Another note, is that model based BPE are not tokenizing deterministicly, there is some variance to it, depending on the context of a particular word. This actually seems to be a good property (See this) and might explain away the better performance of model based BPE over regular BPE. Keep in mind it’s 25% of the characters that are correct. If we looked at a discrete view of tokens we probably would have a much higher prediction rate (it’s left for future work for now).

Here is a picture from the tensorboard values, P_1 is probability that the character predicted is the correct one, P_10 is that it is in the top-10 values.

The overfitting starts happening around the ~1M steps mark.
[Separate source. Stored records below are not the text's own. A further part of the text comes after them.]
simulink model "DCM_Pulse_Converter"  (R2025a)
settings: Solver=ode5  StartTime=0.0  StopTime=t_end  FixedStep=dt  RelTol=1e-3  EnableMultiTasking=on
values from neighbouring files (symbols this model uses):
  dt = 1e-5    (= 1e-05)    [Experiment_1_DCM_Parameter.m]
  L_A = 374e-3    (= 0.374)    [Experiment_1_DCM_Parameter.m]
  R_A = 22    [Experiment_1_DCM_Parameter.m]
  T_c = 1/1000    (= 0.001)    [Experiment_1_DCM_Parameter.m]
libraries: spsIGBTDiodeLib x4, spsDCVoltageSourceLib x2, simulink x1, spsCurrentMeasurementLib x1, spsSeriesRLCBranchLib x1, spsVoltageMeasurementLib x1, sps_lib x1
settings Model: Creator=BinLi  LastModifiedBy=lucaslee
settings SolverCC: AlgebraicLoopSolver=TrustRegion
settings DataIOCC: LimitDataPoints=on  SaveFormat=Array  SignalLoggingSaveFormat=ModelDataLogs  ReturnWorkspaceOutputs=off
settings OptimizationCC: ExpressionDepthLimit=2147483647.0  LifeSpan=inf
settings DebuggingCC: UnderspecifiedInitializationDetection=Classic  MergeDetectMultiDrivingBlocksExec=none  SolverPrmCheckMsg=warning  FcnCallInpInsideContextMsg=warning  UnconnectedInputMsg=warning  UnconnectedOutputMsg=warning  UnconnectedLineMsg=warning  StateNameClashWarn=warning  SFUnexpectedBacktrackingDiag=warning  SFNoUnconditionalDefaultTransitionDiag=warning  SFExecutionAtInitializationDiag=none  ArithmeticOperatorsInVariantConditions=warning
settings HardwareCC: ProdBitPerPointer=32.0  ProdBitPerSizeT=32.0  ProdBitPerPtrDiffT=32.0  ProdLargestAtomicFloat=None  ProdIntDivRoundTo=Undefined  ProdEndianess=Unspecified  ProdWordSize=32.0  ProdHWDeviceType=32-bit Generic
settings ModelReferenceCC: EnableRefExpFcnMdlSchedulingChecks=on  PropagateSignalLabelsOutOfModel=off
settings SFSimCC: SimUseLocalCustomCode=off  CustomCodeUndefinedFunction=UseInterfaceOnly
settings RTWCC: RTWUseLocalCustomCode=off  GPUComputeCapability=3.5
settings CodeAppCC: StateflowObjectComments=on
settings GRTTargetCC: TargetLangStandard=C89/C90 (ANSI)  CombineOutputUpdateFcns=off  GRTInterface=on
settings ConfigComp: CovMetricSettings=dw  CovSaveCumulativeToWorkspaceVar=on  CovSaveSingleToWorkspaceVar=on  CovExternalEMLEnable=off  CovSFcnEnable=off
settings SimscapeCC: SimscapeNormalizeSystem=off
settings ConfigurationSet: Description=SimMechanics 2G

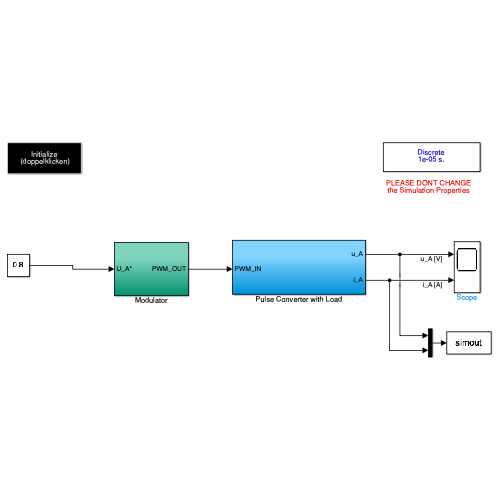
[thumbnail: Simulink's stored preview of the top-level diagram]
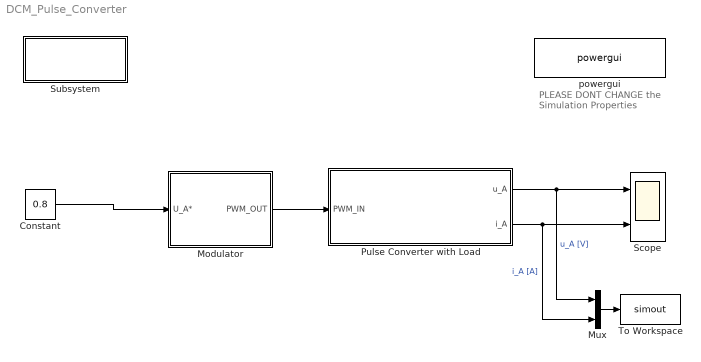
== system DCM_Pulse_Converter ==
  note: PLEASE DONT CHANGE
      | the Simulation Properties
  Constant : Constant  Value=0.8
  Modulator : Subsystem
  Mux : Mux  Inputs=2
  Pulse Converter with Load : Subsystem
  Scope : Scope  NumInputPorts=2
      settings: ActiveDisplayYMinimum=-275.00026333165351  ActiveDisplayYMaximum=275.00256623076228
  Subsystem : Subsystem
      settings: OpenFcn=Experiment_1_DCM_Parameter
      mask Display: disp('Initialize\n (doppelklicken)')
  To Workspace : ToWorkspace  VariableName=simout  SaveFormat=Structure With Time  SampleTime=-1
  powergui : sps_lib/powergui  Priority=1  SimulationMode=Discrete  SampleTime=dt  frequency=60  Iterations=50  frequencyindice=0  Pbase=100e6  ErrMax=1e-4  UnitsV=kV  UnitsW=MW  buscounter=0  FunctionMessages=off  echomessages=off  EnableUseOfTLC=off  CurrentSourceSwitches=off  DisableSnubberDevices=off  DisableRonSwitches=off  DisableVfSwitches=off  DisplayEquations=off  AutomaticDiscreteSolvers=off  SolverType=Tustin  Interpol=off  ExternalGateDelay=off  methode=off  Ts=0  x0status=blocks  SPID=off  SwTol=0  HookPort=off  NonlinearTolerance=1e-4  nMaxIteration=100  ContinueOnMaxIteration=off  RestoreLinks=warning  ResistiveCurrentMeasurement=off  Frange=[0:2:500]  Ylog=off  Xlog=on  ShowGrid=off  save=off  variable=ZData  structure=0  ZoomFFT=off  StartTime=0.0  cycles=1  DisplayStyle=1  fundamental=60  FreqAxis=off  MaxFrequency=1000  frequencyindicesteady=1  RmsSteady=1  display=off
  wires:
  Modulator/1(PWM_OUT) -> Pulse Converter with Load/1(PWM_IN)
  Pulse Converter with Load/1(u_A) -> Mux/1, Scope/1  "u_A [V]"
  Pulse Converter with Load/2(i_A) -> Mux/2, Scope/2  "i_A [A]"
  Mux/1 -> To Workspace/1
  Constant/1 -> Modulator/1(U_A*)

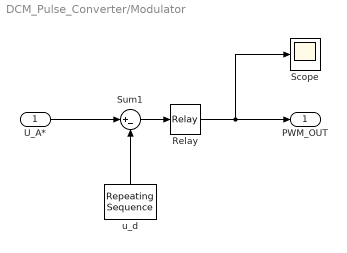
== system DCM_Pulse_Converter/Modulator ==
  U_A* : Inport
  Relay : Relay  OnSwitchValue=1e-4  OffSwitchValue=-1e-4
  Scope : Scope
      settings: ActiveDisplayYMinimum=-10.05524861878453  ActiveDisplayYMaximum=9.94475138121547
  Sum1 : Sum  Inputs=|+-
  u_d : simulink/Sources/Repeating Sequence  rep_seq_t=[0 T_c/2 T_c ]  rep_seq_y=[1 -1 1]
  PWM_OUT : Outport
  wires:
  u_d/1 -> Sum1/2
  Sum1/1 -> Relay/1
  Relay/1 -> Scope/1, PWM_OUT/1
  U_A*/1 -> Sum1/1

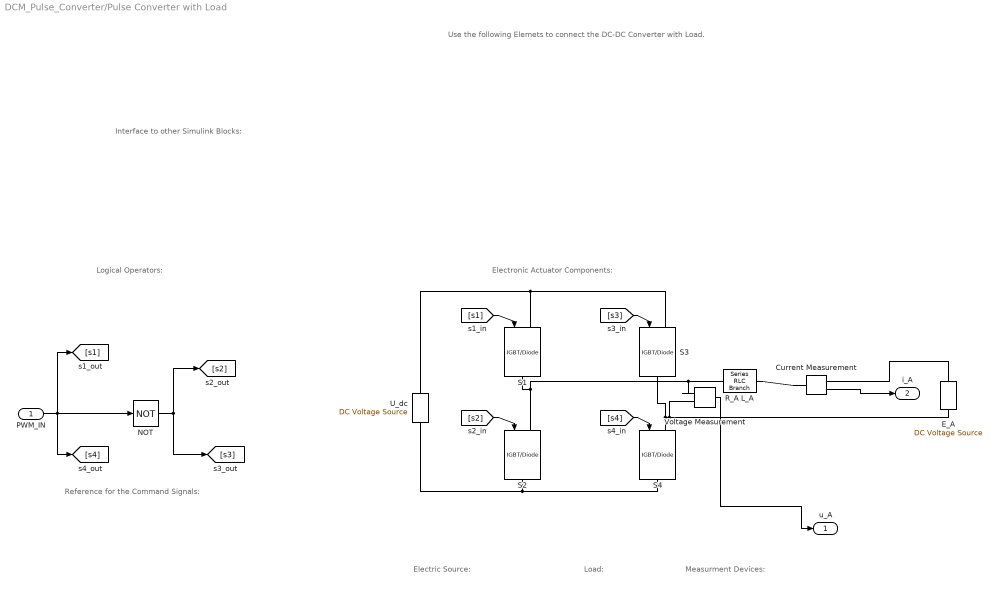
== system DCM_Pulse_Converter/Pulse Converter with Load ==
  note: Use the following Elemets to connect the
      | DC-DC Converter with Load.
  note: Electric Source:
  note: Reference for the Command Signals:
  note: Electronic Actuator Components:
  note: Load:
  note: Logical Operators:
  note: Measurment Devices:
  note: Interface to other Simulink Blocks:
  PWM_IN : Inport
  Current Measurement : spsCurrentMeasurementLib/Current Measurement  PhasorSimulation=off  OutputType=Complex  PSBequivalent=0
  E_A : spsDCVoltageSourceLib/DC Voltage Source  Amplitude=200  Measurements=None
  NOT : Logic  Operator=NOT  AllPortsSameDT=off  OutDataTypeStr=boolean
  R_A L_A : spsSeriesRLCBranchLib/Series RLC Branch  LConnTagsString=__new0  RConnTagsString=__new0  BranchType=RL  Resistance=R_A  Inductance=L_A  SetiL0=off  InitialCurrent=0  Capacitance=[]  Setx0=off  InitialVoltage=0  Measurements=None
  S{1..4} (4 alike) : spsIGBTDiodeLib/IGBT//Diode  Ron=1e-3  Rs=1e5  Cs=inf  Measurements=off
  U_dc : spsDCVoltageSourceLib/DC Voltage Source  Amplitude=220  Measurements=None
  Voltage Measurement : spsVoltageMeasurementLib/Voltage Measurement  Tag=PoWeRsYsTeMmEaSuReMeNt  PhasorSimulation=off  OutputType=Magnitude  PSBequivalent=0
  u_A : Outport
  i_A : Outport  Port=2
  wires:
  [s4] -> S4/1
  [s3] -> S3/1
  [s1] -> S1/1
  [s2] -> S2/1
  Voltage Measurement/1 -> u_A/1
  Current Measurement/1 -> i_A/1
  PWM_IN/1 -> [s4], NOT/1, [s1]
  NOT/1 -> [s2], [s3]
  connections:
  U_dc/RConn1 -- S3/LConn1 -- S1/LConn1
  U_dc/LConn1 -- S4/RConn1 -- S2/RConn1
  S1/RConn1 -- S2/LConn1 -- Voltage Measurement/LConn1 -- R_A L_A/LConn1
  S3/RConn1 -- E_A/LConn1 -- Voltage Measurement/LConn2 -- S4/LConn1
  E_A/RConn1 -- Current Measurement/RConn1
  Current Measurement/LConn1 -- R_A L_A/RConn1

== system DCM_Pulse_Converter/Subsystem ==

  • In the experiment we learned model by model, freezing the lower model before training something on top. It’s because the batching of different layers occur differently. Learning the whole thing end-to-end is probably going to need some thought. The batching is easy for the lower level, every batch needs a tensor of shape CONTEXT_SIZE (=64) of [0-255] ints. For the VAE, we need to have a variable length (depending on the length token) times EMBEDDING_DIM (=128). The upper level needs only tensors of size CONTEXT_SIZE * EMBEDDING_DIM yet if we want to try and end-to-end training, we have no idea how many bytes we need to generate 1 correct tensor in the upper layer. We know it’s no more than CONTEXT_SIZE² but that would be prohibitive to use that value.
  • The loss NEEDS to always be the byte-level nll loss. At first I thought a simple MSE loss in the embedding space could be enough to learn the proper models. It seems to not be the case. I could only achieve meaningful results by always referring to the original strings and calculating the NLL Loss. When using this loss, the MSE actually increases. This leads me to think that encoding/decoding + softmax are highly anisotropic operators. Looking at the singular values of the embedding matrix, we can see that the highest one is 7.35, the lowest one 0.12, so there are 2 orders of magnitude between the 2. This anisotropy means that the MSE loss which considers all dimensions of the embeddding equal is actually couting way too much some irrelevant dimensions. It would be much faster and simpler if we could train directly on MSE (it would enable us to train without running all the decoding steps to generate the loss). So we need to add some spectral loss on the embedding on the lower language model to test that hypothesis.
  • The tokens have variable lengths. In order to fix this, we have to padd all sequences during learning. Because we padd, we have to mask the padding during training for both VAE and upper LM. Keeping track of this is pretty nifty and it means gradients on rarely used places will rarely get updated. So we will almost surely miss some letters in our tokens. Either at the front or the end of the token depending on how we padd the tokens.

Future work

  • Actually testing discretizing the tokens to compare with the regular BPE. In that direction, also comparing with a randomized tokenizer as used in SentencePiece to make sure the results are actually comparable and are indeed linked to tokenization variance.
  • The masking problem really seems to be a current limit of the model. Finding a workaround would be really valuable.
  • The fact that the NLL loss is required slows down upper layers. It would be awesome if we could smooth out the encoding/decoding matrix so that L2 directly for VAE and the upper layer works. It probably goes against regular language model embedding so not sure it’s doable.
  • Making the epsilon based tokenization directly after the embedding layer. This would help stack those levels hopefully learning higher and higer representations of text leading the sentence embedding and so on.
  • On the same idea, another direction would be to do actual discrete tokenization to allow for the models to stack.